▸ **TASK STATEMENT**:
The lines you need are those holding the word "linetypes"; pull them from the material.

═══

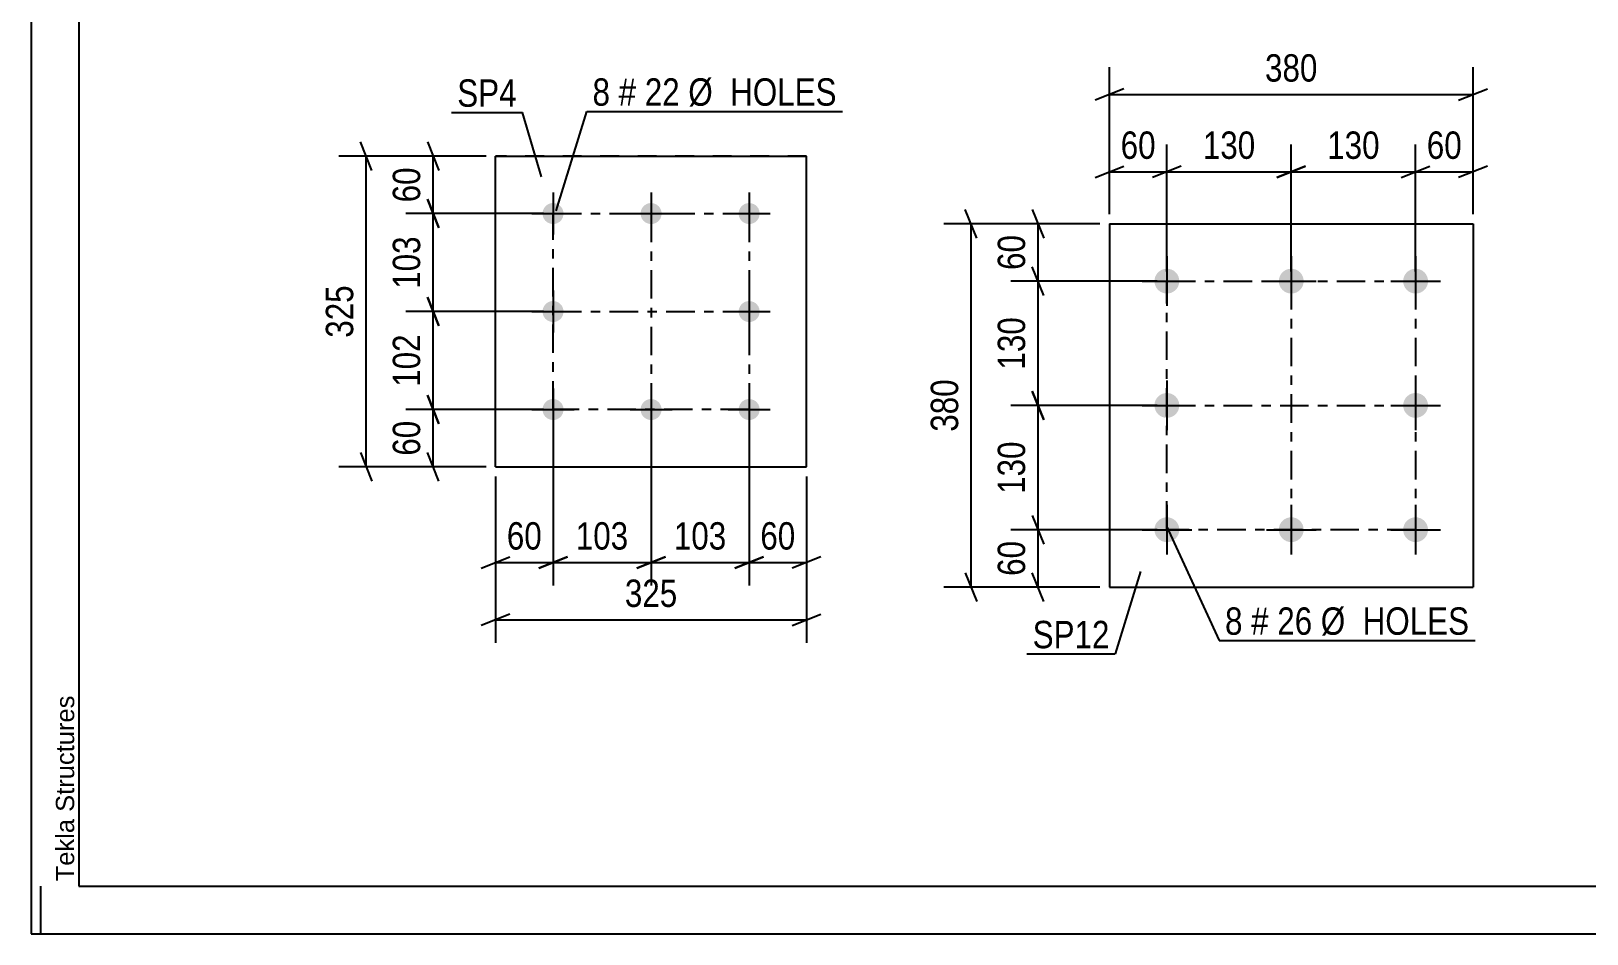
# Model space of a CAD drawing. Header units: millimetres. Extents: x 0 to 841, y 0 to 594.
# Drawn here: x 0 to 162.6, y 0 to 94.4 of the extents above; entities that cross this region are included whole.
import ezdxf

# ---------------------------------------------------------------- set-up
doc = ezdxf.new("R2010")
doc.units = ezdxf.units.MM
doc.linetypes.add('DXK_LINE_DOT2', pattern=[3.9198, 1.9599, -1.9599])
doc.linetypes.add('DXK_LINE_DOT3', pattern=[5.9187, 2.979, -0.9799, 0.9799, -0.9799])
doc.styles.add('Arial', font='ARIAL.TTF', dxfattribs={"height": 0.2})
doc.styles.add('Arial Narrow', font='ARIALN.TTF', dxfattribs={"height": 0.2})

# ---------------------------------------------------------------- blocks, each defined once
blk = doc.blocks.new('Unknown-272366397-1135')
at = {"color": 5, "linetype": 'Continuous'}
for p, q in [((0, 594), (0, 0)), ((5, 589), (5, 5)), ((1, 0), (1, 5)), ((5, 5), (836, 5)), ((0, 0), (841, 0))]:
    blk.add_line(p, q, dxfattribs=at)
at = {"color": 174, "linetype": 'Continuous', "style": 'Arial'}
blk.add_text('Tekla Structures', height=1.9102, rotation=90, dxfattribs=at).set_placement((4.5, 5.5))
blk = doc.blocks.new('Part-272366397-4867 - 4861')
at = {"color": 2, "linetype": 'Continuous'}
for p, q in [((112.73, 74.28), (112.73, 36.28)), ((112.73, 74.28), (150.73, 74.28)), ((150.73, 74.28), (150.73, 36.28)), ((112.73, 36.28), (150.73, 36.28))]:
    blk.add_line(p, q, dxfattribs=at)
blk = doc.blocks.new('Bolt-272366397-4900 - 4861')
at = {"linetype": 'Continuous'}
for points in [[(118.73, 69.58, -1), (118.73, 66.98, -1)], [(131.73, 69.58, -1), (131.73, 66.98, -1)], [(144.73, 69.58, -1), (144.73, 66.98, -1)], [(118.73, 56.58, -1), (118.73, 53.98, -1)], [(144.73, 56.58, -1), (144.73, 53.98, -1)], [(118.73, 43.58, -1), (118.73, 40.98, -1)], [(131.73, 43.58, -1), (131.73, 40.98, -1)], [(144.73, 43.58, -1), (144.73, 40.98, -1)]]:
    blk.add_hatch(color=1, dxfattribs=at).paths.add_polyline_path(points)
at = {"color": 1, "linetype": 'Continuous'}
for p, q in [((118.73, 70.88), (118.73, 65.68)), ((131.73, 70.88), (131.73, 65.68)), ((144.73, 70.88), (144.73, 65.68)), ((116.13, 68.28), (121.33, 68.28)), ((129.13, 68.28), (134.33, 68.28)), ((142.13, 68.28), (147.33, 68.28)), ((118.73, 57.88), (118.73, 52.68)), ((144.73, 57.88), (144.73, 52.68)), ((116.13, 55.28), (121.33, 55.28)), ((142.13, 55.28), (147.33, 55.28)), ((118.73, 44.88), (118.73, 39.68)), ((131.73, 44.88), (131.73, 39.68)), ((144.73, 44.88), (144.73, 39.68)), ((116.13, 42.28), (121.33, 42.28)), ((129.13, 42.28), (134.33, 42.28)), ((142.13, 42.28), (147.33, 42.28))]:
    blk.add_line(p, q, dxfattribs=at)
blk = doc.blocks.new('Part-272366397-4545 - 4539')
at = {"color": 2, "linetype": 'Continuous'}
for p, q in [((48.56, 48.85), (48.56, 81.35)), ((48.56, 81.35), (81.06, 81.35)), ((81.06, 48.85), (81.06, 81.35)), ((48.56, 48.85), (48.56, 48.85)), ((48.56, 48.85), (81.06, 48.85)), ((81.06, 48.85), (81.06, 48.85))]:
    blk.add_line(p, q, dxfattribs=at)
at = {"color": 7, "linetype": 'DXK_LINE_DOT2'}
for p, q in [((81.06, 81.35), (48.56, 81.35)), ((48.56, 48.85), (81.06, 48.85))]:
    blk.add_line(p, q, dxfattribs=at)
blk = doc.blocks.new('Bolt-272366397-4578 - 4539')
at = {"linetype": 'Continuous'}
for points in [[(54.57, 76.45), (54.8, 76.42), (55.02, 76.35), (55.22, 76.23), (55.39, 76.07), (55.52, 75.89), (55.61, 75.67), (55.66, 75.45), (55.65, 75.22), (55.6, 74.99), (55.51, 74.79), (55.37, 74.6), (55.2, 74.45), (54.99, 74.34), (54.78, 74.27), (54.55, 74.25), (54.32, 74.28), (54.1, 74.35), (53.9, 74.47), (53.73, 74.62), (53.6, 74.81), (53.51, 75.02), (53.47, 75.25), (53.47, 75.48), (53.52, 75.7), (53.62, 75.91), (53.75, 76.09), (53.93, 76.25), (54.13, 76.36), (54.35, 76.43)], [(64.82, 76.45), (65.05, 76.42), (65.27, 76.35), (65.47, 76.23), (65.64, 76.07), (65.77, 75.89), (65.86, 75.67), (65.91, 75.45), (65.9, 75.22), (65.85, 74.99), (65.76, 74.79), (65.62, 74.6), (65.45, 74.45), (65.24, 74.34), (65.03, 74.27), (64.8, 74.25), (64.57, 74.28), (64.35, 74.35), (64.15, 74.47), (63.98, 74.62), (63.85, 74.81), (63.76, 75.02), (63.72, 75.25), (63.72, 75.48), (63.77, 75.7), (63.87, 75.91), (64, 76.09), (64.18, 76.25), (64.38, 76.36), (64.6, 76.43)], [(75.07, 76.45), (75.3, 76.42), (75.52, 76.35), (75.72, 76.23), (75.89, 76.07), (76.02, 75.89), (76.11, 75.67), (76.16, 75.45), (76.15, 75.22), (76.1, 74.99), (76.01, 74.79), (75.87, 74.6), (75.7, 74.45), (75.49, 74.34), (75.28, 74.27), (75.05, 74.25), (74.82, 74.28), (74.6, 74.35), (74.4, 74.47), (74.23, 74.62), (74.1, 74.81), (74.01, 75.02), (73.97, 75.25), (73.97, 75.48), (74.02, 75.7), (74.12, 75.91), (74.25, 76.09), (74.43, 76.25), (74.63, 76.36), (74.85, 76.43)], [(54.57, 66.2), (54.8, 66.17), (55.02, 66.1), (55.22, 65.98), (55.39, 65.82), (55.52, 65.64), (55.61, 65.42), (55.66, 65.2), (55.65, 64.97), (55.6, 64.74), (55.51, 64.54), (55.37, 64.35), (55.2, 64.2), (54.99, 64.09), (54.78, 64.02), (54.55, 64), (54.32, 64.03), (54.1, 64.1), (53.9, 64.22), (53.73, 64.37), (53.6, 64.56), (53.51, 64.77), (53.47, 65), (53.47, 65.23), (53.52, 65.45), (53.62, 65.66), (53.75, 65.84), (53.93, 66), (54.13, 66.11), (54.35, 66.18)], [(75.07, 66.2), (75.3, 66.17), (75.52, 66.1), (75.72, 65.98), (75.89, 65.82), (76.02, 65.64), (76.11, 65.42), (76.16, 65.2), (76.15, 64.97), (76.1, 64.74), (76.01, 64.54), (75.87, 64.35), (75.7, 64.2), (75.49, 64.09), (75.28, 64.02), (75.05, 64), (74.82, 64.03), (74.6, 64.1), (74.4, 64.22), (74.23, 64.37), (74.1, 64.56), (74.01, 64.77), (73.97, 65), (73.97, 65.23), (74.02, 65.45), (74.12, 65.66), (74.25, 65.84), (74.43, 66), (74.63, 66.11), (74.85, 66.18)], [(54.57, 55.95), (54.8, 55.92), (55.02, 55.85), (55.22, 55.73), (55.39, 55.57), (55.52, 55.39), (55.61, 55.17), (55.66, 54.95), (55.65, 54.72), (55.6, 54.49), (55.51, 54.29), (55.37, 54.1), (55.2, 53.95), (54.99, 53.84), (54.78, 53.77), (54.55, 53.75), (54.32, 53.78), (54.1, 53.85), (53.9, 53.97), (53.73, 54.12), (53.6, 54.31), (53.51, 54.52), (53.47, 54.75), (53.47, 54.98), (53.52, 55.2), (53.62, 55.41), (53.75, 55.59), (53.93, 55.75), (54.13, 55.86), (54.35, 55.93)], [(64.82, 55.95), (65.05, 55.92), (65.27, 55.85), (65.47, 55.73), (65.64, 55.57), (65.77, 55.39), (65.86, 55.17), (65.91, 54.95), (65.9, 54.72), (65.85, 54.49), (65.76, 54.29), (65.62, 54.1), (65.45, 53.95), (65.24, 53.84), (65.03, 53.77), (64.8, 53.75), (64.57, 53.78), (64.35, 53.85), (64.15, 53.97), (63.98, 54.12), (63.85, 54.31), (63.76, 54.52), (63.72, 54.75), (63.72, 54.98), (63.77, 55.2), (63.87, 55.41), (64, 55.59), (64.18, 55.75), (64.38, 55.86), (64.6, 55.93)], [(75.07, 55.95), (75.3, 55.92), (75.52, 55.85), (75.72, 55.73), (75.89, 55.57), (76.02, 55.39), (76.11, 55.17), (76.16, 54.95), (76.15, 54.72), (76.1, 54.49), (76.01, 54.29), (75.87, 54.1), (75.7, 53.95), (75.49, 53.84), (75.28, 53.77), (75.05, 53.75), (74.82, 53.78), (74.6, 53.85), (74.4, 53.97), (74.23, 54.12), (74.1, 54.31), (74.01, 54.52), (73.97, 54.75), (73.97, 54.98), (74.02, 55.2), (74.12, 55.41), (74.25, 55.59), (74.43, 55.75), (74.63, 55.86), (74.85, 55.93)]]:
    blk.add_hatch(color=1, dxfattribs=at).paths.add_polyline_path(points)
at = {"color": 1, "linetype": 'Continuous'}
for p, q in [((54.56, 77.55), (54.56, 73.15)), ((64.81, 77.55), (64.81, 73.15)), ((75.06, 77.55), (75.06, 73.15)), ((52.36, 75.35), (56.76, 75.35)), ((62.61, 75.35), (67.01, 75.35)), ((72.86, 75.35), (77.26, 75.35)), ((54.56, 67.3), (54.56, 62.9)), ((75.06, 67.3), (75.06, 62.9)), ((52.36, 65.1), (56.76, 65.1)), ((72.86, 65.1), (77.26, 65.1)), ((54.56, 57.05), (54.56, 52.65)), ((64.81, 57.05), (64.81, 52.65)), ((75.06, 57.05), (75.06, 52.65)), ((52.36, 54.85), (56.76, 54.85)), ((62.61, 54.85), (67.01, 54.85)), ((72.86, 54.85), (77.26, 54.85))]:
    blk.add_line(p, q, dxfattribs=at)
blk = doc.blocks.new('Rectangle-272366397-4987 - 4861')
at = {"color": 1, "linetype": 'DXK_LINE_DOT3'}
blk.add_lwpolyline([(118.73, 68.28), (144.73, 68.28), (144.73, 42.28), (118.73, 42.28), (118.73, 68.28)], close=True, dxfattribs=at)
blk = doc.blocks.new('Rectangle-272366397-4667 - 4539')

═══

▸ **TASK RESPONSE**:
doc.linetypes.add('DXK_LINE_DOT2', pattern=[3.9198, 1.9599, -1.9599])
doc.linetypes.add('DXK_LINE_DOT3', pattern=[5.9187, 2.979, -0.9799, 0.9799, -0.9799])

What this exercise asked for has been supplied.